WHAT YOU NEED TO DO: State the number of lines in these records that include the string "dimension", and say nothing more.

Stored dataset items
----

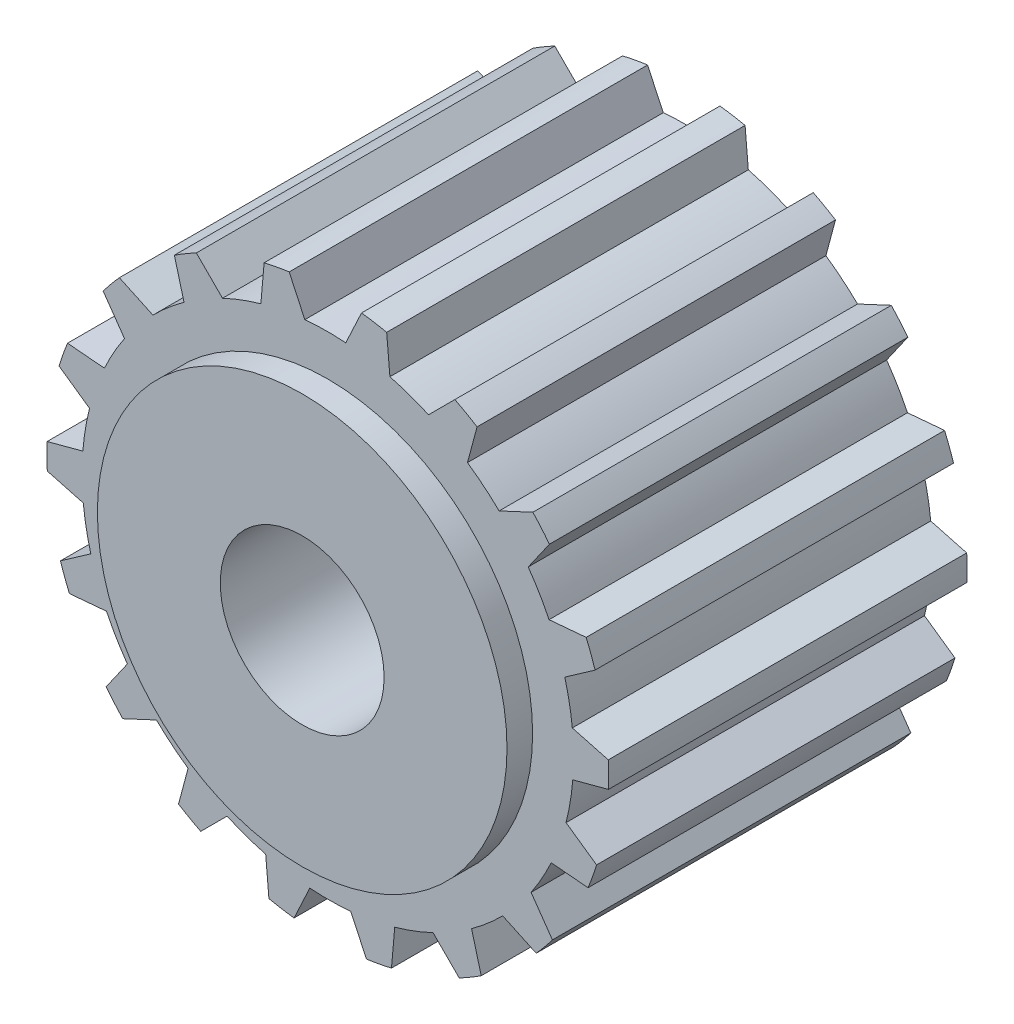
SolidWorks part; units mm, degrees
ref_plane "Face" through (0, 0, 0) normal (0, 0, 1) x (1, 0, 0)
ref_plane "Dessus" through (0, 0, 0) normal (0, 1, 0) x (1, 0, 0)
ref_plane "Droite" through (0, 0, 0) normal (1, 0, 0) x (0, 0, -1)
sketch "Esquisse1" plane through (0, 0, 0) normal (0, 0, 1) x (1, 0, 0)
  line L0 (0, 0) -> (0, 69.2099) construction
  circle A0 centre (0, 0) radius 4
  circle A1 centre (0, 0) radius 13.715
  dimension "D1" = 27.43
  dimension "D2" = 8
extrude "Base-Extrusion" add sketch "Esquisse1" along normal mid plane 20
sketch "Esquisse9" plane through (0, 0, 0) normal (1, 0, 0) x (0, 0, -1)
  line L0 (-10, 13.715) -> (10, 13.715)
  line L1 (-10, 13.715) -> (10, 13.715)
  line L2 (10, -13.715) -> (-10, -13.715)
  line L3 (10, -13.715) -> (-10, -13.715)
sketch "Esquisse2" plane through (0, 0, 10) normal (0, 0, 1) x (1, 0, 0)
  line L0 (0, 0) -> (-2.3816, 13.5066) construction
  line L1 (0, 0) -> (2.3816, 13.5066) construction
  line L2 (0.8782, 11.9678) -> (1.6467, 13.6158)
  line L3 (-1.1217, 11.9475) -> (-1.8852, 13.5848)
  line L4 (-0.1265, 11.9993) -> (-0.1265, 13.7144) construction
  arc A0 (0.8782, 11.9678) -> (-1.1217, 11.9475) centre (0, 0) ccw
  circle A1 centre (0, 0) radius 13.715 construction
  arc A3 (1.6467, 13.6158) -> (-1.8852, 13.5848) centre (0, 0) ccw
  dimension "D2" = 12
  dimension "D1" = 20
  dimension "D3" = 15
  dimension "D4" = 15
  dimension "D5" = 2
  dimension "D6" = 0.97
extrude "Enlèv. mat.-Extru.1" cut sketch "Esquisse2" against normal through all
pattern_circular "Répétition circulaire1" count 18 every 20 about axis through (0, 0, 0) along (0, 0, 1) of "Enlèv. mat.-Extru.1"
ref_plane "Plan4" through (0, 0, -5) normal (0, 0, 1) x (1, 0, 0)
sketch "Esquisse3" plane through (0, 0, -10) normal (0, 0, -1) x (-1, 0, 0)
  circle A0 centre (0, 0) radius 10
  circle A1 centre (0, 0) radius 13.715
  circle A2 centre (0, 0) radius 13.715 construction
  dimension "D1" = 20
extrude "Enlèv. mat.-Extru.2" cut sketch "Esquisse3" against normal blind 1.25
sketch "Esquisse4" plane through (0, 0, 10) normal (0, 0, 1) x (1, 0, 0)
  circle A0 centre (0, 0) radius 13.715
  circle A1 centre (0, 0) radius 10
  circle A2 centre (0, 0) radius 13.715 construction
  dimension "D1" = 20
extrude "Enlèv. mat.-Extru.3" cut sketch "Esquisse4" against normal blind 1.25
sketch "Esquisse11" plane through (0, 0, 0) normal (1, 0, 0) x (0, 0, -1)
  line L0 (0, 13.715) -> (0, 0) construction
  line L1 (-10, 13.715) -> (10, 13.715) construction
ref_plane "Plan5" through (0, 13.715, 0) normal (0, -1, 0) x (1, 0, 0)
sketch "Esquisse8" plane through (0, 0, 0) normal (1, 0, 0) x (0, 0, -1)
  line L0 (-8.75, 19.4) -> (8.75, 19.4)
  line L1 (0, 0) -> (16.0577, 0) construction
  line L2 (-8.75, 10) -> (-8.75, -10) construction
  line L3 (8.75, -10) -> (8.75, 10) construction
  dimension "D1" = 38.8
surface "Surface-Révolution1" sketch "Esquisse8" parameters "D1"=360
sketch "Esquisse10" plane through (0, 0, 0) normal (1, 0, 0) x (0, 0, -1)
  line L0 (3.4, 4) -> (10, 4)
  line L1 (3.4, 4) -> (10, 4)
  line L2 (-10, 4) -> (-3.4, 4)
  line L3 (-10, 4) -> (-3.4, 4)
  line L4 (10, -4) -> (-10, -4)
  line L5 (10, -4) -> (-10, -4)
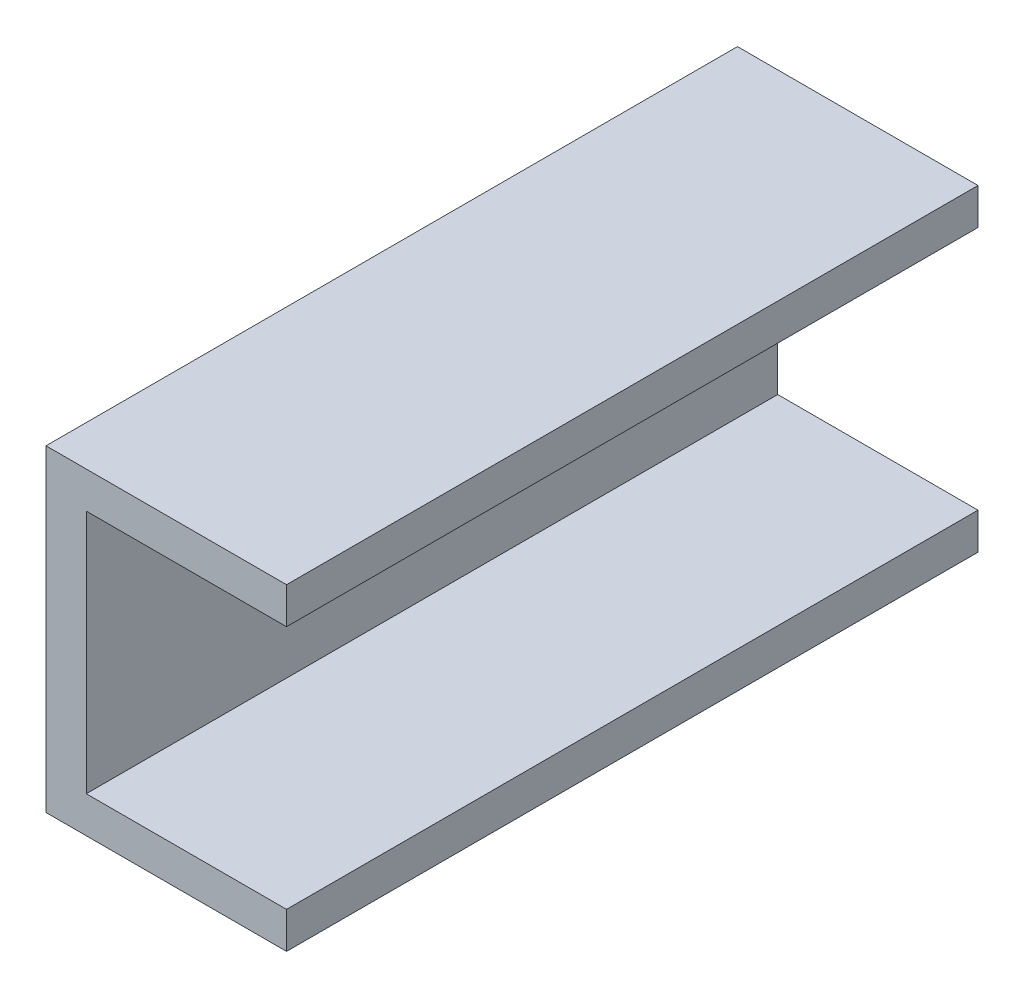
SolidWorks part; units mm, degrees
ref_plane "Front Plane" through (0, 0, 0) normal (0, 0, 1) x (1, 0, 0)
ref_plane "Top Plane" through (0, 0, 0) normal (0, 1, 0) x (1, 0, 0)
ref_plane "Right Plane" through (0, 0, 0) normal (1, 0, 0) x (0, 0, -1)
sketch "Sketch1" plane through (0, 0, 0) normal (0, 0, 1) x (1, 0, 0)
  line L0 (0, 35) -> (0, -35)
  line L1 (0, -35) -> (53.0172, -35)
  line L2 (53.0172, -35) -> (53.0172, -26.9745)
  line L3 (53.0172, -26.9745) -> (8.877, -26.9745)
  line L4 (8.877, -26.9745) -> (8.877, 26.9745)
  line L5 (8.877, 26.9745) -> (53.0172, 26.9745)
  line L6 (53.0172, 26.9745) -> (53.0172, 35)
  line L7 (53.0172, 35) -> (0, 35)
  point P4 (0, 0)
  dimension "D1" = 70
extrude "Boss-Extrude1" add sketch "Sketch1" along normal blind 152.4

----

RESPONSE: 12